Understanding Network Clustering Metrics: Trace_e and Modularity Q

In network clustering, it’s crucial to have reliable metrics to evaluate the quality of the clusters. Two such measures are trace_e and modularity Q. This exercise will delve into these metrics, demonstrating their behavior in different clustering scenarios.

Scenario 1: Optimal Cluster Structure (High Diagonal Values)

In an optimal cluster structure, trace_e will be high, indicating a high degree of intra-cluster connections.
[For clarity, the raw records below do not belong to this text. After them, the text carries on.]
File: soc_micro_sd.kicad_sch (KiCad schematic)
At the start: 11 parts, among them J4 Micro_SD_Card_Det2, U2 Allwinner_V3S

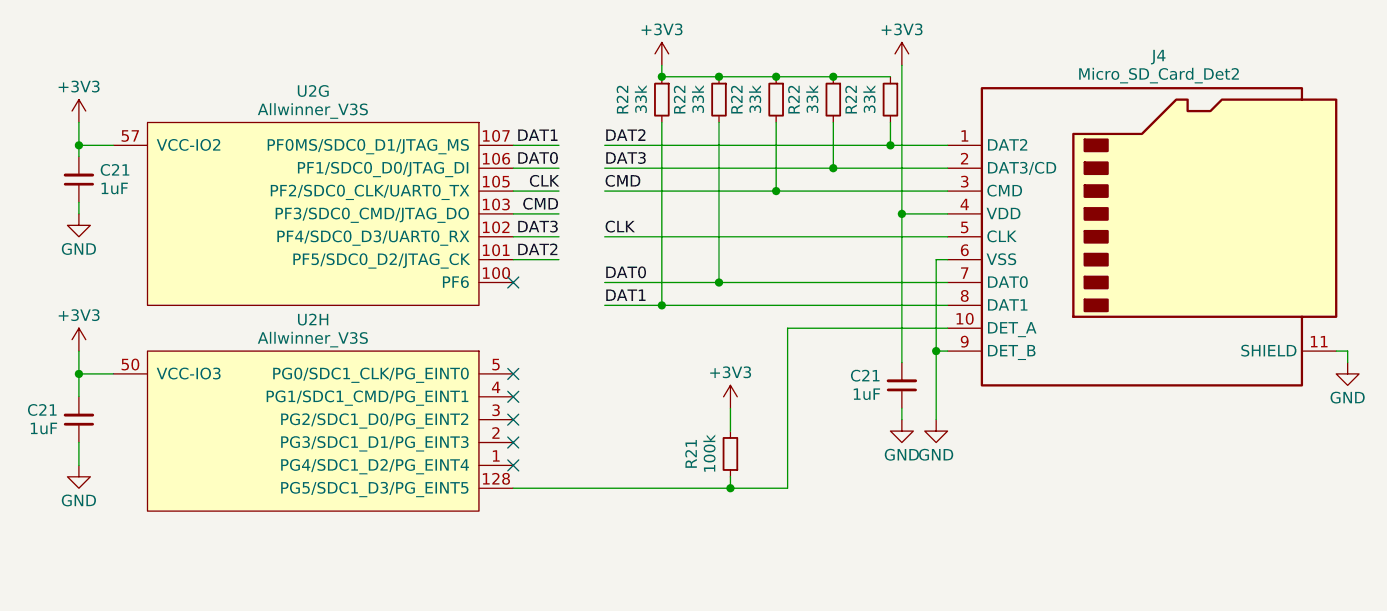
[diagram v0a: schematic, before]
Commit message: Finish routing for the most part
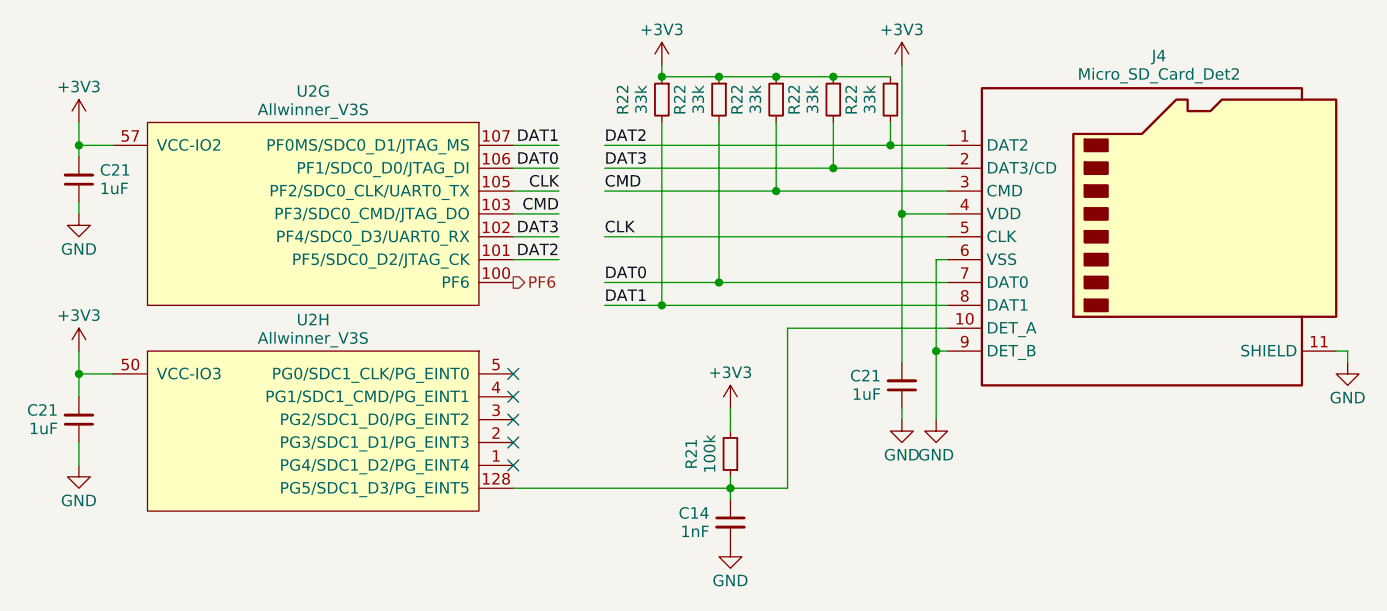
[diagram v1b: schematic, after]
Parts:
- added C14: 1nF, Capacitor_SMD:C_0402_1005Metric, symbol Device:C_Small
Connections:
- net GND: now also C14.2
- net PF6: now reaches U2.100 (PF6)
- net at J4.10 (DET_A), R21.1, U2.128 (PG5/SDC1_D3/PG_EINT5): now also C14.1
- no-connect marks 6 -> 5
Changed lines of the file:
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@@
   )
   (no_connect (at 74.93 88.9))
-  (no_connect (at 74.93 68.58))
   (no_connect (at 74.93 78.74))
   (no_connect (at 74.93 81.28))
@@
     (stroke (width 0) (type default))
   )
+  (wire (pts (xy 99.06 91.44) (xy 99.06 92.71))
+    (stroke (width 0) (type default))
+  )
   (wire (pts (xy 74.93 66.04) (xy 80.01 66.04))
     (stroke (width 0) (type default))
@@
   (label "DAT0" (at 80.01 55.88 180) (fields_autoplaced)
     (effects (font (size 1.27 1.27)) (justify right bottom))
+  )
+  (hierarchical_label "PF6" (shape output) (at 74.93 68.58 0) (fields_autoplaced)
+    (effects (font (size 1.27 1.27)) (justify left))
   )
   (symbol (lib_id "Device:R_Small") (at 116.84 48.26 0) (mirror y) (unit 1)
@@
     )
   )
+  (symbol (lib_id "Device:C_Small") (at 99.06 95.25 0) (mirror y) (unit 1)
+    (in_bom yes) (on_board yes) (dnp no)
+    (property "Reference" "C14" (at 96.7359 94.2323 0)
+      (effects (font (size 1.27 1.27)) (justify left))
+    )
+    (property "Value" "1nF" (at 96.7359 96.2803 0)
+      (effects (font (size 1.27 1.27)) (justify left))
+    )
+    (property "Footprint" "Capacitor_SMD:C_0402_1005Metric" (at 99.06 95.25 0)
+      (effects (font (size 1.27 1.27)) hide)
+    )
+    (property "Datasheet" "~" (at 99.06 95.25 0)
+      (effects (font (size 1.27 1.27)) hide)
+    )
+    (property "LCSC" "C1523" (at 99.06 95.25 0)
+      (effects (font (size 1.27 1.27)) hide)
+    )
+    (pin "1")
+    (pin "2")
+    (instances
+      (project "OpenHomeSwitch"
+        (path "/1d58c53f-167c-46c6-b61a-0c5d76c66e31/71e1ec36-fcc5-4ea9-a9bb-92fd21a85ab0/fcbac710-5c4c-4f73-a659-520d2a4da378"
+          (reference "C14") (unit 1)
+        )
+        (path "/1d58c53f-167c-46c6-b61a-0c5d76c66e31/41bdf90a-7af2-4b3b-98f6-50835501a67f/c84b2009-868a-4c9e-aa94-eb599aafac16"
+          (reference "C103") (unit 1)
+        )
+      )
+    )
+  )
   (symbol (lib_id "Device:C_Small") (at 26.67 83.82 0) (mirror x) (unit 1)
     (in_bom yes) (on_board yes) (dnp no)
@@
         )
       )
+    )
+  )
+  (symbol (lib_id "power:GND") (at 99.06 97.79 0) (unit 1)
+    (in_bom yes) (on_board yes) (dnp no) (fields_autoplaced)
+    (property "Reference" "#PWR011" (at 99.06 104.14 0)
+      (effects (font (size 1.27 1.27)) hide)
+    )
+    (property "Value" "GND" (at 99.06 101.735 0)
+      (effects (font (size 1.27 1.27)))
+    )
+    (property "Footprint" "" (at 99.06 97.79 0)
+      (effects (font (size 1.27 1.27)) hide)
+    )
+    (property "Datasheet" "" (at 99.06 97.79 0)
+      (effects (font (size 1.27 1.27)) hide)
+    )
+    (pin "1")
+    (instances
+      (project "OpenHomeSwitch"
+        (path "/1d58c53f-167c-46c6-b61a-0c5d76c66e31/41bdf90a-7af2-4b3b-98f6-50835501a67f/c84b2009-868a-4c9e-aa94-eb599aafac16"
+          (reference "#PWR011") (unit 1)
+        )
+      )

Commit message: Add V3s variant with smaller exposed GND pad
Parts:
- U2: footprint Package_QFP_Allwinner:LQFP-128_14x14mm_P0.4mm_EPAD_8x8mm -> Package_QFP_Allwinner:LQFP-128_14x14mm_P0.4mm_EPAD_5.72x5.72mm
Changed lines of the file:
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@@
       (effects (font (size 1.27 1.27)))
     )
-    (property "Footprint" "Package_QFP_Allwinner:LQFP-128_14x14mm_P0.4mm_EPAD_8x8mm" (at 81.28 81.28 0)
+    (property "Footprint" "Package_QFP_Allwinner:LQFP-128_14x14mm_P0.4mm_EPAD_5.72x5.72mm" (at 81.28 81.28 0)
       (effects (font (size 1.27 1.27)) hide)
     )
@@
       (effects (font (size 1.27 1.27)))
     )
-    (property "Footprint" "Package_QFP_Allwinner:LQFP-128_14x14mm_P0.4mm_EPAD_8x8mm" (at 86.36 106.68 0)
-      (effects (font (size 1.27 1.27)) hide)
-    )
+    (property "Footprint" "Package_QFP_Allwinner:LQFP-128_14x14mm_P0.4mm_EPAD_5.72x5.72mm" (at 86.36 106.68 0)
+      (effects (font (size 1.27 1.27)) hide)
+    )

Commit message: Fix LCSC part numbers
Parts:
- U2: LCSC (none) -> C2687449
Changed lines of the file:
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@@
+      (effects (font (size 1.27 1.27)) hide)
+    )
+    (property "LCSC" "C2687449" (at 53.34 50.8 0)
       (effects (font (size 1.27 1.27)) hide)
     )
@@
       (effects (font (size 1.27 1.27)) hide)
     )
+    (property "LCSC" "C2687449" (at 58.42 76.2 0)
+      (effects (font (size 1.27 1.27)) hide)
+    )

The modularity Q will also be high, suggesting a good clustering solution.

e <- data.frame(Cluster1=c(0.2,0.05,0.025),
                Cluster2=c(0.05,0.3,0.1),
                Cluster3=c(0.025,0.1,0.15))
rownames(e) <- c("Cluster1","Cluster2","Cluster3")
Cluster1 Cluster2 Cluster3
Cluster1 0.200 0.05 0.025
Cluster2 0.050 0.30 0.100
Cluster3 0.025 0.10 0.150

The sum of all elements in e should be equal to 1. Also, the corresponding row- (a) and column-sums (b) should be the same.

a <- rowSums(e)
b <- colSums(e)

The matrix under the null model:

rand <- data.frame()
for (i in 1: length(a)){
  for (j in 1:length(b)){
    rand[i,j] <- a[i]*b[j]
  }
}

Bad measure of clustering quality:

(trace_e <- sum(diag(as.matrix(e))))
[1] 0.65

Good measure of clustering quality:

(Q <- sum(diag(as.matrix(e))) - sum(diag(as.matrix(rand))))
[1] 0.29625

Scenario 2: Poor Cluster Structure (Low Diagonal Values)

In the second scenario, trace_e will be low. This is good, but situation 3 will show why this is a bad measure of cluster quality. Q will be very low, which is the result that we want.

Cluster1 Cluster2 Cluster3
Cluster1 0.05 0.200 0.150
Cluster2 0.20 0.025 0.100
Cluster3 0.15 0.100 0.025

Again, the sum of all elements in e should be equal to 1. Also, corresponding row- and column-sums should be the same.

Bad measure of clustering quality:

(trace_e <- sum(diag(as.matrix(e))))
[1] 0.1

Good measure of clustering quality:

(Q <- sum(diag(as.matrix(e))) - sum(diag(as.matrix(rand))))
[1] -0.24125

In the third situation, the trace_e will be same (high) as in situation 1, this is why trace_e is bad. Q will be low, so the clustering solution is bad. This is the desired result, since the clustering solution is not better than random, but this does not mean that there is no within-cluster linkage at all.

Cluster1 Cluster2 Cluster3
Cluster1 0.650 0.05 0.025
Cluster2 0.050 0.00 0.100
Cluster3 0.025 0.10 0.000

Again, the sum of all elements in e should be equal to 1. Also, corresponding row- and column-sums should be the same.

Bad measure of clustering quality:

(trace_e <- sum(diag(as.matrix(e))))
[1] 0.65

Good measure of clustering quality:

(Q <- sum(diag(as.matrix(e))) - sum(diag(as.matrix(rand))))
[1] 0.08625

Multiple choice

Which of the following statements is not correct?

  1. Trace_e is the fraction of edges that connect vertices in the same cluster.
  2. Q = 0 means that there is absolutely no within-cluster linkage.
  3. Modularity (Q) can be calculated as the sum of the elements on the diagonal (incluster edges) minus the random assignment of edges.